- Born: July 13, 1936 (age 90) Timmins, Ontario, Canada
- Occupations: Writer, director, producer
- Spouse: divorced
- Children: 4

= Sandor Stern =

Canadian writer, director and film producer

Sandor Stern (born July 13, 1936) is a Canadian writer, director and film producer best known for his horror films.

==Personal life==

Born in the northern Canadian town of Timmins, Ontario; raised in the small town of Prescott, Ontario, on the St. Lawrence River; Sandor Stern was drawn to short story writing while in high school and began writing stage plays while attending the University of Toronto. Though he planned to obtain a degree in teaching, a physician-uncle suggested that medicine might offer more involving experiences for an aspiring writer.

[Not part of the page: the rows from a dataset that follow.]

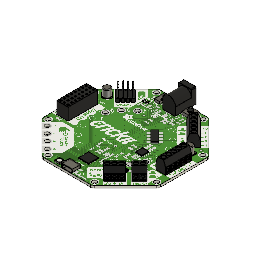
3093 Crickit CPX (Autodesk Fusion 360 design; units mm, degrees)
Autodesk Fusion 360 part; units mm, degrees
note: some values were not read from the file. Chosen so that the rebuilt part matches the saved one: which bodies a step acts on; which pieces of a blend or face edit are solid. Set by a fixed rule: which sketch regions a step uses.
(part 1 of 2)
sketch "cpx crickit" plane through (0, 0, 0) normal (0, 0, 1) x (1, 0, 0)
  arc A0 (-0.865, 37.0412) -> (-1.115, 36.7912) centre (-0.865, 36.7912) ccw
  arc A1 (2.385, 36.7912) -> (2.135, 37.0412) centre (2.135, 36.7912) ccw
  line L0 (16.3469, -40.64) -> (-16.3469, -40.64)
  line L1 (-4.3642, 34.692) -> (-3.915, 34.692)
  line L2 (-3.915, 31.692) -> (-4.3642, 31.692)
  arc A2 (-4.3642, 34.692) -> (-4.6142, 34.442) centre (-4.3642, 34.442) ccw
  arc A3 (-0.865, 30.7912) -> (-1.115, 30.592) centre (-0.8904, 30.5666) ccw
  arc A4 (40.64, 16.3469) -> (39.8961, 18.143) centre (38.1, 16.3469) ccw
  line L3 (-0.865, 37.0412) -> (2.135, 37.0412)
  line L4 (18.143, 39.8961) -> (39.8961, 18.143)
  arc A5 (2.135, 29.8928) -> (2.385, 30.092) centre (2.1604, 30.1174) ccw
  circle A6 centre (-9.779, 33.679) radius 0.5
  arc A7 (2.385, 30.592) -> (2.135, 30.7912) centre (2.1604, 30.5666) ccw
  arc A8 (-3.7158, 34.4674) -> (-3.915, 34.692) centre (-3.9277, 34.4801) ccw
  line L5 (-18.143, -39.8961) -> (-39.8961, -18.143)
  line L6 (2.135, 29.8928) -> (-0.865, 29.8928)
  arc A9 (18.143, 39.8961) -> (16.3469, 40.64) centre (16.3469, 38.1) ccw
  arc A10 (-3.915, 31.692) -> (-3.7158, 31.9674) centre (-3.9531, 31.9293) ccw
  line L7 (-1.115, 30.092) -> (-1.115, 30.592)
  line L8 (-0.865, 30.7912) -> (2.135, 30.7912)
  arc A11 (-4.6142, 31.942) -> (-4.3642, 31.692) centre (-4.3642, 31.942) ccw
  arc A12 (-1.115, 30.092) -> (-0.865, 29.8928) centre (-0.8904, 30.1174) ccw
  line L9 (4.05, -37.922) -> (4.05, -38.522)
  line L10 (-3.7158, 34.4674) -> (-3.7158, 31.9674)
  line L11 (-3.7, -37.572) -> (-3.5, -37.572)
  line L12 (2.385, 36.7912) -> (2.385, 36.3928)
  line L13 (40.64, 16.3469) -> (40.64, -16.3469)
  arc A13 (-4.05, -38.472) -> (-3.7, -38.872) centre (-3.675, -38.497) ccw
  arc A14 (3.6, -38.872) -> (4.05, -38.522) centre (3.65, -38.472) ccw
  circle A15 centre (-9.779, 36.679) radius 0.5
  arc A16 (-3.5, -38.872) -> (-3.15, -38.472) centre (-3.525, -38.497) ccw
  line L14 (-4.6142, 31.942) -> (-4.6142, 34.442)
  circle A17 centre (-1.95, -36.322) radius 0.35
  line L15 (-3.5, -38.872) -> (-3.7, -38.872)
  line L16 (-1.115, 36.3928) -> (-1.115, 36.7912)
  circle A18 centre (1.95, -36.322) radius 0.35
  line L17 (-39.8961, 18.143) -> (-18.143, 39.8961)
  arc A19 (2.135, 36.1428) -> (2.385, 36.3928) centre (2.135, 36.3928) ccw
  line L18 (-40.64, -16.3469) -> (-40.64, 16.3469)
  line L19 (3.15, -38.522) -> (3.15, -37.922)
  arc A20 (-39.8961, 18.143) -> (-40.64, 16.3469) centre (-38.1, 16.3469) ccw
  arc A21 (3.15, -38.522) -> (3.6, -38.872) centre (3.55, -38.472) ccw
  line L20 (2.135, 36.1428) -> (-0.865, 36.1428)
  line L21 (2.385, 30.592) -> (2.385, 30.092)
  arc A22 (-3.7, -37.572) -> (-4.05, -37.922) centre (-3.7, -37.922) ccw
  line L22 (-4.05, -38.472) -> (-4.05, -37.922)
  line L23 (39.8961, -18.143) -> (18.143, -39.8961)
  arc A23 (-1.115, 36.3928) -> (-0.865, 36.1428) centre (-0.865, 36.3928) ccw
  arc A24 (4.05, -37.922) -> (3.6, -37.572) centre (3.65, -37.972) ccw
  arc A25 (16.3469, -40.64) -> (18.143, -39.8961) centre (16.3469, -38.1) ccw
  line L24 (-16.3469, 40.64) -> (16.3469, 40.64)
  arc A26 (39.8961, -18.143) -> (40.64, -16.3469) centre (38.1, -16.3469) ccw
  arc A27 (-3.15, -37.922) -> (-3.5, -37.572) centre (-3.5, -37.922) ccw
  line L25 (-3.15, -37.922) -> (-3.15, -38.472)
  arc A28 (-16.3469, 40.64) -> (-18.143, 39.8961) centre (-16.3469, 38.1) ccw
  arc A29 (-18.143, -39.8961) -> (-16.3469, -40.64) centre (-16.3469, -38.1) ccw
  arc A30 (3.6, -37.572) -> (3.15, -37.922) centre (3.55, -37.972) ccw
  arc A31 (-40.64, -16.3469) -> (-39.8961, -18.143) centre (-38.1, -16.3469) ccw
  arc A32 (2.3241, -8.89) -> (1.4859, -8.89) centre (1.905, -8.89) ccw
  line L26 (1.985, 36.592) -> (-0.715, 36.592)
  arc A33 (16.129, 36.715) -> (16.129, 38.723) centre (16.129, 37.719) ccw
  arc A34 (-16.129, 38.723) -> (-16.129, 36.715) centre (-16.129, 37.719) ccw
  arc A35 (-16.129, 36.715) -> (-16.129, 38.723) centre (-16.129, 37.719) ccw
  arc A36 (3.3, -35.095) -> (3.3, -35.749) centre (3.3, -35.422) ccw
  arc A37 (37.719, 15.125) -> (37.719, 17.133) centre (37.719, 16.129) ccw
  arc A38 (-16.129, -38.723) -> (-16.129, -36.715) centre (-16.129, -37.719) ccw
  line L27 (-2.3935, -39.4285) -> (-2.3935, -37.0155)
  line L28 (2.3935, -39.4285) -> (4.8065, -39.4285)
  line L29 (-4.8065, -37.0155) -> (-4.8065, -39.4285)
  arc A39 (16.129, -38.723) -> (16.129, -36.715) centre (16.129, -37.719) ccw
  arc A40 (-16.129, -38.723) -> (-16.129, -36.715) centre (-16.129, -37.719) ccw
  arc A41 (37.719, 15.125) -> (37.719, 17.133) centre (37.719, 16.129) ccw
  line L30 (4.8065, -37.0155) -> (2.3935, -37.0155)
  arc A42 (-37.719, -17.133) -> (-37.719, -15.125) centre (-37.719, -16.129) ccw
  arc A43 (-37.719, -17.133) -> (-37.719, -15.125) centre (-37.719, -16.129) ccw
  arc A44 (1.985, 35.917) -> (1.985, 37.267) centre (1.985, 36.592) ccw
  arc A45 (16.129, 36.715) -> (16.129, 38.723) centre (16.129, 37.719) ccw
  line L31 (-3.3, -35.422) -> (-4.608, -35.422)
  arc A46 (37.719, -17.133) -> (37.719, -15.125) centre (37.719, -16.129) ccw
  line L32 (-2.3935, -37.0155) -> (-4.8065, -37.0155)
  arc A47 (37.719, -15.125) -> (37.719, -17.133) centre (37.719, -16.129) ccw
  line L33 (3.3, -35.422) -> (4.608, -35.422)
  arc A48 (-4.608, -35.095) -> (-4.608, -35.749) centre (-4.608, -35.422) ccw
  line L34 (2.3935, -39.4285) -> (4.8065, -39.4285)
  line L35 (-3.3, -35.422) -> (-4.608, -35.422)
  arc A49 (-16.129, 36.715) -> (-16.129, 38.723) centre (-16.129, 37.719) ccw
  arc A50 (16.129, 38.723) -> (16.129, 36.715) centre (16.129, 37.719) ccw
  arc A51 (-3.3, -35.749) -> (-3.3, -35.095) centre (-3.3, -35.422) ccw
  arc A52 (-3.3, -35.749) -> (-3.3, -35.095) centre (-3.3, -35.422) ccw
  arc A53 (-16.129, -36.715) -> (-16.129, -38.723) centre (-16.129, -37.719) ccw
  arc A54 (-0.715, 31.017) -> (-0.715, 29.667) centre (-0.715, 30.342) ccw
  line L36 (2.3935, -37.0155) -> (2.3935, -39.4285)
  line L37 (2.3935, -37.0155) -> (2.3935, -39.4285)
  arc A55 (37.719, 17.133) -> (37.719, 15.125) centre (37.719, 16.129) ccw
  line L38 (1.985, 36.592) -> (-0.715, 36.592)
  arc A56 (1.985, 29.667) -> (1.985, 31.017) centre (1.985, 30.342) ccw
  arc A57 (16.129, 38.723) -> (16.129, 36.715) centre (16.129, 37.719) ccw
  line L39 (4.8065, -37.0155) -> (2.3935, -37.0155)
  line L40 (-2.3935, -39.4285) -> (-2.3935, -37.0155)
  arc A58 (-3.49, 34.542) -> (-4.84, 34.542) centre (-4.165, 34.542) ccw
  line L41 (-4.8065, -39.4285) -> (-2.3935, -39.4285)
  arc A59 (-37.719, -15.125) -> (-37.719, -17.133) centre (-37.719, -16.129) ccw
  arc A60 (-37.719, 17.133) -> (-37.719, 15.125) centre (-37.719, 16.129) ccw
  arc A61 (-0.715, 31.017) -> (-0.715, 29.667) centre (-0.715, 30.342) ccw
  line L42 (-4.165, 34.542) -> (-4.165, 31.842)
  arc A62 (-4.84, 31.842) -> (-3.49, 31.842) centre (-4.165, 31.842) ccw
  arc A63 (-37.719, 15.125) -> (-37.719, 17.133) centre (-37.719, 16.129) ccw
  line L43 (4.8065, -39.4285) -> (4.8065, -37.0155)
  line L44 (-4.165, 34.542) -> (-4.165, 31.842)
  line L45 (-4.8065, -39.4285) -> (-2.3935, -39.4285)
  arc A64 (1.985, 35.917) -> (1.985, 37.267) centre (1.985, 36.592) ccw
  arc A65 (-37.719, 17.133) -> (-37.719, 15.125) centre (-37.719, 16.129) ccw
  arc A66 (37.719, 17.133) -> (37.719, 15.125) centre (37.719, 16.129) ccw
  arc A67 (16.129, -36.715) -> (16.129, -38.723) centre (16.129, -37.719) ccw
  arc A68 (1.4859, -8.89) -> (2.3241, -8.89) centre (1.905, -8.89) ccw
  arc A69 (-4.608, -35.095) -> (-4.608, -35.749) centre (-4.608, -35.422) ccw
  arc A70 (4.608, -35.749) -> (4.608, -35.095) centre (4.608, -35.422) ccw
  arc A71 (16.129, -36.715) -> (16.129, -38.723) centre (16.129, -37.719) ccw
  arc A72 (-16.129, 38.723) -> (-16.129, 36.715) centre (-16.129, 37.719) ccw
  line L46 (-2.3935, -37.0155) -> (-4.8065, -37.0155)
  arc A73 (37.719, -15.125) -> (37.719, -17.133) centre (37.719, -16.129) ccw
  arc A74 (3.3, -35.095) -> (3.3, -35.749) centre (3.3, -35.422) ccw
  arc A75 (-0.715, 37.267) -> (-0.715, 35.917) centre (-0.715, 36.592) ccw
  line L47 (1.985, 30.342) -> (-0.715, 30.342)
  arc A76 (-37.719, 15.125) -> (-37.719, 17.133) centre (-37.719, 16.129) ccw
  arc A77 (16.129, -38.723) -> (16.129, -36.715) centre (16.129, -37.719) ccw
  arc A78 (-3.49, 34.542) -> (-4.84, 34.542) centre (-4.165, 34.542) ccw
  line L48 (-4.8065, -37.0155) -> (-4.8065, -39.4285)
  arc A79 (37.719, -17.133) -> (37.719, -15.125) centre (37.719, -16.129) ccw
  arc A80 (-37.719, -15.125) -> (-37.719, -17.133) centre (-37.719, -16.129) ccw
  arc A81 (-0.715, 37.267) -> (-0.715, 35.917) centre (-0.715, 36.592) ccw
  line L49 (1.985, 30.342) -> (-0.715, 30.342)
  arc A82 (1.985, 29.667) -> (1.985, 31.017) centre (1.985, 30.342) ccw
  arc A83 (-4.84, 31.842) -> (-3.49, 31.842) centre (-4.165, 31.842) ccw
  arc A84 (1.4859, -8.89) -> (2.3241, -8.89) centre (1.905, -8.89) ccw
  arc A85 (-16.129, -36.715) -> (-16.129, -38.723) centre (-16.129, -37.719) ccw
  arc A86 (2.3241, -8.89) -> (1.4859, -8.89) centre (1.905, -8.89) ccw
  line L50 (4.8065, -39.4285) -> (4.8065, -37.0155)
  line L51 (3.3, -35.422) -> (4.608, -35.422)
  arc A87 (4.608, -35.749) -> (4.608, -35.095) centre (4.608, -35.422) ccw
  circle A88 centre (-21.844, 7.9248) radius 1.5
  circle A89 centre (-17.78, 14.859) radius 1.5
  circle A90 centre (-11.6332, 20.066) radius 1.5
  circle A91 centre (11.6332, -20.066) radius 1.5
  circle A92 centre (17.78, -14.859) radius 1.5
  circle A93 centre (21.844, -7.9248) radius 1.5
  circle A94 centre (18.7485, 28.6479) radius 0.635
  circle A95 centre (21.2233, 26.1731) radius 0.635
  circle A96 centre (23.6982, 23.6982) radius 0.635
  circle A97 centre (26.1731, 21.2233) radius 0.635
  circle A98 centre (28.6479, 18.7485) radius 0.635
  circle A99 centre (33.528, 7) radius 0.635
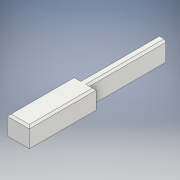
# Autodesk Inventor part: key_3
Saved by Autodesk Inventor 2017 (Build 210142000, 142)
## iProperties
Created: 2018-03-15
Part Number: key_3
Material: Generic
Document SubType Name: Modeling
Designer: Luiz Gustavo
Density: 1 g/cm^3
Appearance: White
Author: Luiz Gustavo
Autodesk Inventor part; units mm, degrees
ref_plane "YZ Plane" through (0, 0, 0) normal (1, 0, 0) x (0, 1, 0)
ref_plane "XZ Plane" through (0, 0, 0) normal (0, 1, 0) x (-1, 0, 0)
ref_plane "XY Plane" through (0, 0, 0) normal (0, 0, 1) x (1, 0, 0)
sketch "Sketch1" plane through (0, 0, 0) normal (0, 0, 1) x (1, 0, 0)
  line L0 (-11.5, -75) -> (11.5, -75)
  line L1 (11.5, -75) -> (11.5, 75)
  line L2 (11.5, 75) -> (-11.5, 75)
  line L3 (-11.5, 75) -> (-11.5, -75)
  line L4 (-11.5, -75) -> (11.5, 75) construction
  line L5 (11.5, -75) -> (-11.5, 75) construction
  line L6 (-4.5, 75) -> (4.5, 75)
  line L7 (4.5, 75) -> (4.5, -5)
  line L8 (4.5, -5) -> (-4.5, -5) construction
  line L9 (-4.5, -5) -> (-4.5, 75)
  line L10 (0, -75) -> (0, 75) construction
  line L11 (-4.5, -5) -> (-11.5, -5)
  line L12 (4.5, -5) -> (11.5, -5)
  point P0 (0, 0)
  dimension "d0" = 150
  dimension "d1" = 80
  dimension "d2" = 7
  dimension "d3" = 23
  constraints: 26 end point, 4 midpoint, 4 parallel, 3 perpendicular, 3 point on line, 2 horizontal, 1 collinear, 1 other
  measures "d0" distance of L0.end L1.end
  measures "d1" distance between parallel lines of L8 L2
  measures "d2" distance between parallel lines of L3 L9
  measures "d3" distance between parallel lines of L3 L1
extrude "Extrusion1" add sketch "Sketch1" against normal blind 20 contours L3 L11 L9 L2 L7 L12 L1 L0
chamfer "Chamfer1" distance 2 angle 45 7 edges at (0, -75, 0) (-11.5, -40, 0) (11.5, -40, 0) (8, -5, 0) (-8, -5, 0) (-4.5, 35, 0) (4.5, 35, 0)
equation "\"d0\" = key_length"
equation "\"d1\" = blackkey_length"
equation "\"d2\" = blackkey_halfwidth"
equation "\"d3\" = key_width"
equation "\"d4\" = key_height"
equation "\"key_length\" = 150"
equation "\"blackkey_length\" = 80"
equation "\"blackkey_halfwidth\" = 7"
equation "\"key_width\" = 23"
equation "\"key_height\" = 20"
body "Solid1"

Heeding that advice, Stern enrolled in Medical School at the University of Toronto. During his schooling, he continued to write, switching to TV scripts, and selling his first script to the Canadian Broadcasting Corporation prior to his graduation in 1961. Three of his four sons formed the successful Los Angeles hardcore punk band Youth Brigade, and its almost 30-year-old record label Better Youth Organization.

==Career==
Setting up a private practice in Toronto, Stern continued to write; adding songwriting and variety sketch writing to his credits. Over the next five years, he wrote numerous shows for the CBC until demand for his work allowed him to give up the practice of medicine and devote full time to writing. He wrote the CTV network's first drama Rumble of Silence (1968) and created the CBC network's medical series Corwin (1969). Deciding to try his luck in Hollywood, Stern arrived in LA and immediately landed an assignment to write an episode of NBC's The Bold Ones. He quickly moved on to other episodic dramas such as Ironside (1969) and onto producing with The Mod Squad (1971) and Doc Elliot (1973). His TV movie producing began in 1974 with The Strange and Deadly Occurrence. In 1979, The Seeding of Sarah Burns was his first directing assignment, and in 1982 he directed and wrote the teleplay for the CBS made-for-television film, Muggable Mary, Street Cop. He also created the short-lived 1983 CBS TV series Cutter to Houston. Since then he has written and/or directed more than 35 movies, including the screenplays for three feature films: The Amityville Horror (1979), Fast Break (1979) (winner of the 1979 NAACP Image Award for best screenplay) and Pin (which he also directed). Stern was divorced from wife, Marlene, in 1975 and from wife, Kandy, in 2018. He is presently single. His recent credits include co-writing the Lifetime cable movie You Belong To Me (2007) His first novel, The Life and Adventures of Ralph, The Cat was published in 2008. His short story, "My Grandfather Clock" was published in the anthology, "Canadian Voices" in 2009. His anthology of short stories, "The Karma Chronicles" was published in 2010. In 2023 he published the novel "Material Witness".